Return every line of the records below verbatim, with no pictures in the copy.

━━━━━━━━━━━━━━━━━━━━

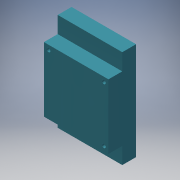
# Autodesk Inventor part: actuator
Saved by Autodesk Inventor 2018 (Build 220112000, 112)
## iProperties
Created: 2018-08-29
Part Number: actuator
Material: Generic
Document SubType Name: Modeling
Designer: David
Density: 1 g/cm^3
Appearance: Cadet Blue
Author: David
Autodesk Inventor part; units mm, degrees
ref_plane "YZ Plane" through (0, 0, 0) normal (1, 0, 0) x (0, 1, 0)
ref_plane "XZ Plane" through (0, 0, 0) normal (0, 1, 0) x (-1, 0, 0)
ref_plane "XY Plane" through (0, 0, 0) normal (0, 0, 1) x (1, 0, 0)
sketch "Sketch1" plane through (0, 0, 0) normal (0, 1, 0) x (-1, 0, 0)
  line L0 (-17.5, -17.5) -> (17.5, -17.5)
  line L1 (17.5, -17.5) -> (17.5, 17.5)
  line L2 (17.5, 17.5) -> (-17.5, 17.5)
  line L3 (-17.5, 17.5) -> (-17.5, -17.5)
  line L4 (-17.5, -17.5) -> (17.5, 17.5) construction
  line L5 (17.5, -17.5) -> (-17.5, 17.5) construction
  point P0 (0, 0)
  dimension "d0" = 35
  dimension "d1" = 35
  constraints: 12 end point, 2 midpoint, 2 parallel, 1 horizontal, 1 perpendicular
  measures "d0" distance of L2.end L1.end
  measures "d1" distance of L1.end L0.end
extrude "Extrusion1" add sketch "Sketch1" along normal blind 15
sketch "Sketch2" plane through (0, 15, 0) normal (0, 1, 0) x (1, 0, 0)
  circle A0 centre (15, -15) radius 1
  circle A1 centre (-15, -15) radius 1
  circle A2 centre (15, 15) radius 1
  point P0 (0, 0)
  dimension "d10" = 2
  dimension "d11" = 15
  dimension "d12" = 15
  dimension "d13" = 2
  dimension "d14" = 15
  dimension "d15" = 15
  dimension "d16" = 2
  dimension "d17" = 15
  dimension "d18" = 15
  constraints: 3 centre point
  measures "d10" diameter of A0
  measures "d11" horizontal distance of point (0, 0) A0.centre
  measures "d12" horizontal distance of point (0, 0) A0.centre
  measures "d13" diameter of A1
  measures "d14" horizontal distance of point (0, 0) A1.centre
  measures "d15" horizontal distance of point (0, 0) A1.centre
  measures "d16" diameter of A2
  measures "d17" horizontal distance of point (0, 0) A2.centre
  measures "d18" horizontal distance of point (0, 0) A2.centre
extrude "Extrusion2" cut sketch "Sketch2" against normal blind 15
sketch "Sketch3" plane through (17.5, 0, -17.5) normal (0, 0, -1) x (-1, 0, 0)
  line L0 (0, 0) -> (0, 15) projected
  line L1 (35, 0) -> (35, 15) projected
  line L2 (0, 15) -> (35, 15)
  line L3 (35, 15) -> (35, 7.5)
  line L4 (35, 7.5) -> (0, 7.5)
  line L5 (0, 7.5) -> (0, 15)
  point P0 (17.5, 0)
  constraints: 8 end point, 2 parallel, 1 horizontal, 1 midpoint, 1 perpendicular
extrude "Extrusion3" add sketch "Sketch3" along normal blind 9
sketch "Sketch4" plane through (-17.5, 0, 17.5) normal (0, 0, 1) x (1, 0, 0)
  line L0 (0, 15) -> (35, 15) projected
  line L1 (0, 7.5) -> (35, 7.5) projected
  line L2 (0, 15) -> (35, 15)
  line L3 (35, 15) -> (35, 7.5)
  line L4 (35, 7.5) -> (0, 7.5)
  line L5 (0, 7.5) -> (0, 15)
  point P0 (17.5, 0)
  constraints: 8 end point, 2 parallel, 1 horizontal, 1 perpendicular
extrude "Extrusion4" add sketch "Sketch4" along normal blind 9
sketch "Sketch5" plane through (0, 15, 0) normal (0, 1, 0) x (1, 0, 0)
  circle A0 centre (4.5, -15.5) radius 1.25
  line L0 (-17.5, -26.5) -> (-17.5, 26.5) projected
  line L1 (-17.5, 0) -> (17.5, 0)
  line L2 (17.5, 26.5) -> (17.5, -26.5) projected
  line L3 (0, -26.5) -> (0, 26.5)
  line L4 (-26.5, 0) -> (8.5, 0)
  circle A1 centre (-4.5, -15.5) radius 1.25
  line L5 (-17.5, 31) -> (17.5, 31)
  circle A2 centre (4.5, 15.5) radius 1.25
  line L6 (-26.5, 31) -> (8.5, 31)
  circle A3 centre (-4.5, 15.5) radius 1.25
  point P0 (0, 0)
  dimension "d25" = 15.5
  dimension "d26" = 4.5
  dimension "d27" = 2.5
  dimension "d30" = 9
  dimension "d33" = 31
  constraints: 10 end point, 4 centre point, 2 midpoint, 2 vertical, 1 collinear, 1 horizontal, 14 other
  measures "d25" vertical distance of point (0, 0) A0.centre
  measures "d26" horizontal distance of point (0, 0) A0.centre
  measures "d27" diameter of A0
  measures "d30" distance of L1.start L4.start
  measures "d33" distance of L1.start L5.start
extrude "Extrusion5" cut sketch "Sketch5" against normal blind 2
body "Solid1"

━━━━━━━━━━━━━━━━━━━━

> [Solution for this task]:
# Autodesk Inventor part: actuator
Saved by Autodesk Inventor 2018 (Build 220112000, 112)
## iProperties
Created: 2018-08-29
Part Number: actuator
Material: Generic
Document SubType Name: Modeling
Designer: David
Density: 1 g/cm^3
Appearance: Cadet Blue
Author: David
Autodesk Inventor part; units mm, degrees
ref_plane "YZ Plane" through (0, 0, 0) normal (1, 0, 0) x (0, 1, 0)
ref_plane "XZ Plane" through (0, 0, 0) normal (0, 1, 0) x (-1, 0, 0)
ref_plane "XY Plane" through (0, 0, 0) normal (0, 0, 1) x (1, 0, 0)
sketch "Sketch1" plane through (0, 0, 0) normal (0, 1, 0) x (-1, 0, 0)
  line L0 (-17.5, -17.5) -> (17.5, -17.5)
  line L1 (17.5, -17.5) -> (17.5, 17.5)
  line L2 (17.5, 17.5) -> (-17.5, 17.5)
  line L3 (-17.5, 17.5) -> (-17.5, -17.5)
  line L4 (-17.5, -17.5) -> (17.5, 17.5) construction
  line L5 (17.5, -17.5) -> (-17.5, 17.5) construction
  point P0 (0, 0)
  dimension "d0" = 35
  dimension "d1" = 35
  constraints: 12 end point, 2 midpoint, 2 parallel, 1 horizontal, 1 perpendicular
  measures "d0" distance of L2.end L1.end
  measures "d1" distance of L1.end L0.end
extrude "Extrusion1" add sketch "Sketch1" along normal blind 15
sketch "Sketch2" plane through (0, 15, 0) normal (0, 1, 0) x (1, 0, 0)
  circle A0 centre (15, -15) radius 1
  circle A1 centre (-15, -15) radius 1
  circle A2 centre (15, 15) radius 1
  point P0 (0, 0)
  dimension "d10" = 2
  dimension "d11" = 15
  dimension "d12" = 15
  dimension "d13" = 2
  dimension "d14" = 15
  dimension "d15" = 15
  dimension "d16" = 2
  dimension "d17" = 15
  dimension "d18" = 15
  constraints: 3 centre point
  measures "d10" diameter of A0
  measures "d11" horizontal distance of point (0, 0) A0.centre
  measures "d12" horizontal distance of point (0, 0) A0.centre
  measures "d13" diameter of A1
  measures "d14" horizontal distance of point (0, 0) A1.centre
  measures "d15" horizontal distance of point (0, 0) A1.centre
  measures "d16" diameter of A2
  measures "d17" horizontal distance of point (0, 0) A2.centre
  measures "d18" horizontal distance of point (0, 0) A2.centre
extrude "Extrusion2" cut sketch "Sketch2" against normal blind 15
sketch "Sketch3" plane through (17.5, 0, -17.5) normal (0, 0, -1) x (-1, 0, 0)
  line L0 (0, 0) -> (0, 15) projected
  line L1 (35, 0) -> (35, 15) projected
  line L2 (0, 15) -> (35, 15)
  line L3 (35, 15) -> (35, 7.5)
  line L4 (35, 7.5) -> (0, 7.5)
  line L5 (0, 7.5) -> (0, 15)
  point P0 (17.5, 0)
  constraints: 8 end point, 2 parallel, 1 horizontal, 1 midpoint, 1 perpendicular
extrude "Extrusion3" add sketch "Sketch3" along normal blind 9
sketch "Sketch4" plane through (-17.5, 0, 17.5) normal (0, 0, 1) x (1, 0, 0)
  line L0 (0, 15) -> (35, 15) projected
  line L1 (0, 7.5) -> (35, 7.5) projected
  line L2 (0, 15) -> (35, 15)
  line L3 (35, 15) -> (35, 7.5)
  line L4 (35, 7.5) -> (0, 7.5)
  line L5 (0, 7.5) -> (0, 15)
  point P0 (17.5, 0)
  constraints: 8 end point, 2 parallel, 1 horizontal, 1 perpendicular
extrude "Extrusion4" add sketch "Sketch4" along normal blind 9
sketch "Sketch5" plane through (0, 15, 0) normal (0, 1, 0) x (1, 0, 0)
  circle A0 centre (4.5, -15.5) radius 1.25
  line L0 (-17.5, -26.5) -> (-17.5, 26.5) projected
  line L1 (-17.5, 0) -> (17.5, 0)
  line L2 (17.5, 26.5) -> (17.5, -26.5) projected
  line L3 (0, -26.5) -> (0, 26.5)
  line L4 (-26.5, 0) -> (8.5, 0)
  circle A1 centre (-4.5, -15.5) radius 1.25
  line L5 (-17.5, 31) -> (17.5, 31)
  circle A2 centre (4.5, 15.5) radius 1.25
  line L6 (-26.5, 31) -> (8.5, 31)
  circle A3 centre (-4.5, 15.5) radius 1.25
  point P0 (0, 0)
  dimension "d25" = 15.5
  dimension "d26" = 4.5
  dimension "d27" = 2.5
  dimension "d30" = 9
  dimension "d33" = 31
  constraints: 10 end point, 4 centre point, 2 midpoint, 2 vertical, 1 collinear, 1 horizontal, 14 other
  measures "d25" vertical distance of point (0, 0) A0.centre
  measures "d26" horizontal distance of point (0, 0) A0.centre
  measures "d27" diameter of A0
  measures "d30" distance of L1.start L4.start
  measures "d33" distance of L1.start L5.start
extrude "Extrusion5" cut sketch "Sketch5" against normal blind 2
body "Solid1"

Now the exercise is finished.